Je suis un nouvel utilisateur MAC, ayant reçu d'un ami un mac G5. La souris qui était d'office est une avec fil et sans molette. J'en ai alors acheté une avec molette et sans fil. Le problème, c'est que je ne vois pas comment l'installer. Sur la facade arrière de l'ordinateur, il y a un dessin du logo Bluetooth ainsi qu'une petite entrée. Est-ce qu'il me faut acheter un adapteur ?


----------



## r e m y (26 Décembre 2008)

De mémoire, ces G5 avaient une antenne Bluetooth externe (un petit truc blanc qui dépassait à l'arrière).

Ce que tu vois sur la face arrière c'est sans doute l'emplacement pour brancher cette antenne.

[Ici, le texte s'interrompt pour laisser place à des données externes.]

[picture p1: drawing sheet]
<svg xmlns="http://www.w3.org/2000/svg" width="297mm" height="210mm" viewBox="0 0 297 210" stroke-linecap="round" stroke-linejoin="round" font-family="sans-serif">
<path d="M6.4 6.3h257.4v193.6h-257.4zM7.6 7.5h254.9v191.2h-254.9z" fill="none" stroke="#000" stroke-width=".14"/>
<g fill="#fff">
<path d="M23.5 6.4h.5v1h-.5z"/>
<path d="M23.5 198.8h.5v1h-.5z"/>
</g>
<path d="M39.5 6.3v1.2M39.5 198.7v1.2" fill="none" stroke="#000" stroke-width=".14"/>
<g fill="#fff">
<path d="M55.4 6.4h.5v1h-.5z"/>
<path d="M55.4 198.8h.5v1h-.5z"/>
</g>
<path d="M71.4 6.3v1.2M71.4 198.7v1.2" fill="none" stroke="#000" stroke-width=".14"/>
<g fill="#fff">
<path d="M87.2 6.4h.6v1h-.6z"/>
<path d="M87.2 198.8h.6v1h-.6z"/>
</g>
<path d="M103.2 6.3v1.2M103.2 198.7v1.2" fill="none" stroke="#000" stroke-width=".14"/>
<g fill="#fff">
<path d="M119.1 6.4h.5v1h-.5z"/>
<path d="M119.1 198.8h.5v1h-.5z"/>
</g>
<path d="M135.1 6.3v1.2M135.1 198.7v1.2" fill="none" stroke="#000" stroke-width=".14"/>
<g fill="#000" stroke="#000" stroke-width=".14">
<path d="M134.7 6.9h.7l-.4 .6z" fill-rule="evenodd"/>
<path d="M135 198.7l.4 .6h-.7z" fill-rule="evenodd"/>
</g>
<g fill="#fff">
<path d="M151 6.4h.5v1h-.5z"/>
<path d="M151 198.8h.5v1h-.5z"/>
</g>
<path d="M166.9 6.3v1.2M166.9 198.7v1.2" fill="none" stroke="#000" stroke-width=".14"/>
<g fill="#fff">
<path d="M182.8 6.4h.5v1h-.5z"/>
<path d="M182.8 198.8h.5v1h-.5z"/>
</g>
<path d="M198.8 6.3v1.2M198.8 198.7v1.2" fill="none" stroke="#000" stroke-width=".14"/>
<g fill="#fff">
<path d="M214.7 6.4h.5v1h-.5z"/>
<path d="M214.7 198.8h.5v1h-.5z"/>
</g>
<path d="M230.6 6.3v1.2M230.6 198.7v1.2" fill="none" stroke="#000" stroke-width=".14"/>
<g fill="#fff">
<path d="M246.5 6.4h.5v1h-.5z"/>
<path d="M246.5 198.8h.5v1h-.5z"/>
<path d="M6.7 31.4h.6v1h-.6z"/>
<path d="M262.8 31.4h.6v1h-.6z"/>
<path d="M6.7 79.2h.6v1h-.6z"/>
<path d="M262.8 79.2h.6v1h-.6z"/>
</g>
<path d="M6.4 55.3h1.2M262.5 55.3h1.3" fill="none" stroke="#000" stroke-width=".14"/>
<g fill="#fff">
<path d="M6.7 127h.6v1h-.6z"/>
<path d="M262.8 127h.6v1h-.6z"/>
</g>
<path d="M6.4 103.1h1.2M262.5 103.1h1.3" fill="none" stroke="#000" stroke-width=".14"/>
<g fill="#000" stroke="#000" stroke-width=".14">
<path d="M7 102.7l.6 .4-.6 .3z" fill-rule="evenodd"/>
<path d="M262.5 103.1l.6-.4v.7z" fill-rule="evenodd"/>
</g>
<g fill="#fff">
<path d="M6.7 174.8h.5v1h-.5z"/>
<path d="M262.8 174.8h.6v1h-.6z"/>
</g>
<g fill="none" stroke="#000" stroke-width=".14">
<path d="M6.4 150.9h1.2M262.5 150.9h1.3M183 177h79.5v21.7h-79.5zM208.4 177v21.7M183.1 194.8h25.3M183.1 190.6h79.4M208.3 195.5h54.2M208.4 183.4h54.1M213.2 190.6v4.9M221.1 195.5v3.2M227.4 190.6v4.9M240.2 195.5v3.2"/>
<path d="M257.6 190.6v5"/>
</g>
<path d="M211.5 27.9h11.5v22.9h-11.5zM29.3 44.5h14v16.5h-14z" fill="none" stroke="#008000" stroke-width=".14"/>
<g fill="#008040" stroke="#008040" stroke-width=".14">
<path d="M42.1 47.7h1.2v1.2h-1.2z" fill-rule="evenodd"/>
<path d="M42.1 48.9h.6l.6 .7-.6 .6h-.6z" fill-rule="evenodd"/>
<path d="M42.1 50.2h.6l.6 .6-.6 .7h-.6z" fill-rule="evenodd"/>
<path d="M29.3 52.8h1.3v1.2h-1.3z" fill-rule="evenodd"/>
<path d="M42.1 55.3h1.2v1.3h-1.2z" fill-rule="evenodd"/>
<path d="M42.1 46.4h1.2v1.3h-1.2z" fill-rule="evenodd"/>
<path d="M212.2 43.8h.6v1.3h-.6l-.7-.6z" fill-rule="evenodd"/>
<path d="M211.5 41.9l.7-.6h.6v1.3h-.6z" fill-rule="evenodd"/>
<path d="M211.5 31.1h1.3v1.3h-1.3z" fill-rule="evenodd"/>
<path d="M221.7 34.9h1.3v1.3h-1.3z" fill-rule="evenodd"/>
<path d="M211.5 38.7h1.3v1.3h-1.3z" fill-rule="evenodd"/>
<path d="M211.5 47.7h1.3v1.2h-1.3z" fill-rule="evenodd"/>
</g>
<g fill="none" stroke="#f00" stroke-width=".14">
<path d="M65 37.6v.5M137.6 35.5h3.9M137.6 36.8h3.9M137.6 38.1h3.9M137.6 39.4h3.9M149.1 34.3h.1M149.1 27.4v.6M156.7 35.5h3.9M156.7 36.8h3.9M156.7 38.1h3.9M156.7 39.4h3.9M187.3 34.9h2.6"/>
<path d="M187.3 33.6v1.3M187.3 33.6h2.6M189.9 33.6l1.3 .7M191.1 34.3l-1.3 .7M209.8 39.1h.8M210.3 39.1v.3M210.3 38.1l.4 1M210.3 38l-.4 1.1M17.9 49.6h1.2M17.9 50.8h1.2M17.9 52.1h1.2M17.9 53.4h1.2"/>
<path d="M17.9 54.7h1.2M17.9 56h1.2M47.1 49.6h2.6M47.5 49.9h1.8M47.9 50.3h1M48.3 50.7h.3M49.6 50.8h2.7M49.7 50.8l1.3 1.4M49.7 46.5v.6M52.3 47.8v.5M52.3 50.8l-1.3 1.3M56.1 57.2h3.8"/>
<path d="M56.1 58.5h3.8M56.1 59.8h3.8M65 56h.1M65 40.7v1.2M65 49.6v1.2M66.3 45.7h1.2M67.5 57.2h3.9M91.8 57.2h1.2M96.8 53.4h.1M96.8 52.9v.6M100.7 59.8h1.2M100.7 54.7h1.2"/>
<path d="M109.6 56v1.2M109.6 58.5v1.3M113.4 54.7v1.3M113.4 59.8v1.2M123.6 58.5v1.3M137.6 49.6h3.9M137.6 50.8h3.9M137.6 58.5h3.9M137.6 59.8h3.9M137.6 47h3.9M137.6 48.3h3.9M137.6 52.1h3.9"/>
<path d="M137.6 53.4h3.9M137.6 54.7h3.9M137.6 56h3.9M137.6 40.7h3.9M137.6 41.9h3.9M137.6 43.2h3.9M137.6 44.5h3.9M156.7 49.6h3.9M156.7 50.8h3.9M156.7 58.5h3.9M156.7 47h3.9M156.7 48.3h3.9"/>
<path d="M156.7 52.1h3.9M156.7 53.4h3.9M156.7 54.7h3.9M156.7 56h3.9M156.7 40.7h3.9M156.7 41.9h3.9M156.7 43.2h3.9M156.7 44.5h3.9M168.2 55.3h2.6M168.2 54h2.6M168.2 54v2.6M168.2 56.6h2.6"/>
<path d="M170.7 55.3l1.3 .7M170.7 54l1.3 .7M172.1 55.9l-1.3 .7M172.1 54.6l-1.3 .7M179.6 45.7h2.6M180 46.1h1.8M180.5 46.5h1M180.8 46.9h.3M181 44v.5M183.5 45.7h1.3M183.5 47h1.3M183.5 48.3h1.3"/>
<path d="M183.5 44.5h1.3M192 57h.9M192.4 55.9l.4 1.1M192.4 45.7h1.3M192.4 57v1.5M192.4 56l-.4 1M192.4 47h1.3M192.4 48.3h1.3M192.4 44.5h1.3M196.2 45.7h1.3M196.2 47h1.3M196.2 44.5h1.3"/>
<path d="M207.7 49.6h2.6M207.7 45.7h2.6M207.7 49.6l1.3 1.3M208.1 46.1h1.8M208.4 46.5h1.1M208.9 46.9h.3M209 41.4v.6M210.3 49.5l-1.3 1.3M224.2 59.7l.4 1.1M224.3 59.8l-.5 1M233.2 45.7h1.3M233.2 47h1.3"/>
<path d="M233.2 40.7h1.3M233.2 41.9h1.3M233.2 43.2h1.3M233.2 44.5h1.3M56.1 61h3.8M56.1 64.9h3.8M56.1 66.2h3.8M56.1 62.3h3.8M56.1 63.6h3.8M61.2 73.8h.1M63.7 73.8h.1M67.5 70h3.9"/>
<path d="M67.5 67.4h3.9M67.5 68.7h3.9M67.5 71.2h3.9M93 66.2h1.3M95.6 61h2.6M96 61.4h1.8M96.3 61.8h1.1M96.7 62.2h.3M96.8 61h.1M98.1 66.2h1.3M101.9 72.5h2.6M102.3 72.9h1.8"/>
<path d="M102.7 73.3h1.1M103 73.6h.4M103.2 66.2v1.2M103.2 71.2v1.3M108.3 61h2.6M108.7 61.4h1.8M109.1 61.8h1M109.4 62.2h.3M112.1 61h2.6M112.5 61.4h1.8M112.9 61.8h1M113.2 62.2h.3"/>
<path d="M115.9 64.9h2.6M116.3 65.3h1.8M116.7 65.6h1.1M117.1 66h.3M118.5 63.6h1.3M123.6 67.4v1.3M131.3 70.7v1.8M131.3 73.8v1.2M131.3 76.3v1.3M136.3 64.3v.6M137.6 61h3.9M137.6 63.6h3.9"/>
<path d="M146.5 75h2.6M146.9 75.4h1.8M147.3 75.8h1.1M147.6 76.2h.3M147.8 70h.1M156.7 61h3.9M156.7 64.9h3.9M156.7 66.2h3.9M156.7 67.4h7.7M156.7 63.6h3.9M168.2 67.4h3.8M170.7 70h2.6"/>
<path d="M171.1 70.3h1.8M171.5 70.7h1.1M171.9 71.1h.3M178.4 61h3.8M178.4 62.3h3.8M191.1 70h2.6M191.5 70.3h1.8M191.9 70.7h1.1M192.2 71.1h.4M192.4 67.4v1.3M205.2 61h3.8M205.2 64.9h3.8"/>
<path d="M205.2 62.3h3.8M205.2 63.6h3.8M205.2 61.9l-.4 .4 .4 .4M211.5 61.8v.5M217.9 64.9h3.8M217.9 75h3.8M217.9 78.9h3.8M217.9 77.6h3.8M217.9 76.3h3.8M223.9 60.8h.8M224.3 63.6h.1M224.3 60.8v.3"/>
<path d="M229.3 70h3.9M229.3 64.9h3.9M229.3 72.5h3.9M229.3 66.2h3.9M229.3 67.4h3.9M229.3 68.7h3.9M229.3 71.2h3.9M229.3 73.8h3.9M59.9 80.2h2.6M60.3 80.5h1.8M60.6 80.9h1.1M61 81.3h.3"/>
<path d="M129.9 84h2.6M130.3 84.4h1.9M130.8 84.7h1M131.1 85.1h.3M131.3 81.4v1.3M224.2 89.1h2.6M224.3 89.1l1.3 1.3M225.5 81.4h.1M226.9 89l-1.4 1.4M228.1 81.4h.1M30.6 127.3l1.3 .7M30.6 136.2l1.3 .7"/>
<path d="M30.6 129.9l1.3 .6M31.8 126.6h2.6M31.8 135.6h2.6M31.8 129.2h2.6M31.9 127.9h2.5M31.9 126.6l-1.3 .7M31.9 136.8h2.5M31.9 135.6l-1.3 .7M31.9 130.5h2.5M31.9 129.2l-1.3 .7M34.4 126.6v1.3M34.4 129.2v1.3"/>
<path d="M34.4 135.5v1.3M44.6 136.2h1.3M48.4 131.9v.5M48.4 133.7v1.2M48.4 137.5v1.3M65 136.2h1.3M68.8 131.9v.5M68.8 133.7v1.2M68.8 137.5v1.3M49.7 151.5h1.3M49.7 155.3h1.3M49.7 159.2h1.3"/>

Il faudrait demander à ton ami de te retrouver cette antenne.

Sinon, chercher sur les sites d'annonce comme celui de MacG:
http://occasion.macg.co/showproduct.php/product/7823/cat/all


----------



## StistiFromBNC (26 Décembre 2008)

Ca doit sûrement être ça !

Par contre, est-ce normal que dans les préférences systèmes, sous réseau, il n'y a pas d'onglet bluetooth ? Même si j'essaie de l'ajouter, le bluetooth n'apparaît pas sous les différentes interfaces.


----------



## r e m y (26 Décembre 2008)

lecter-hannibal a dit:


> Ca doit sûrement être ça !
> 
> Par contre, est-ce normal que dans les préférences systèmes, sous réseau, il n'y a pas d'onglet bluetooth ? Même si j'essaie de l'ajouter, le bluetooth n'apparaît pas sous les différentes interfaces.


 

Je ne sais pas... je n'ai jamais utilisé ce modèle de Mac

Peut-être que sans cette antenne, le Mac reconnait que le Bluetooth n'est pas utilisable et désactive le panneau de configuration correspondant


Ou alors c'est que ce Mac n'a PAS de carte bluetooth installée.... en ouvrant l'Unité centrale, est-ce qu'il y a quelque chose de relié à cette prise arrière (celle avec le logo bluetoof)?
(voir ce site http://tersus.no/bluetooth/ qui expliquecomment ajouter une carte bluetooth à ce type de Mac)


----------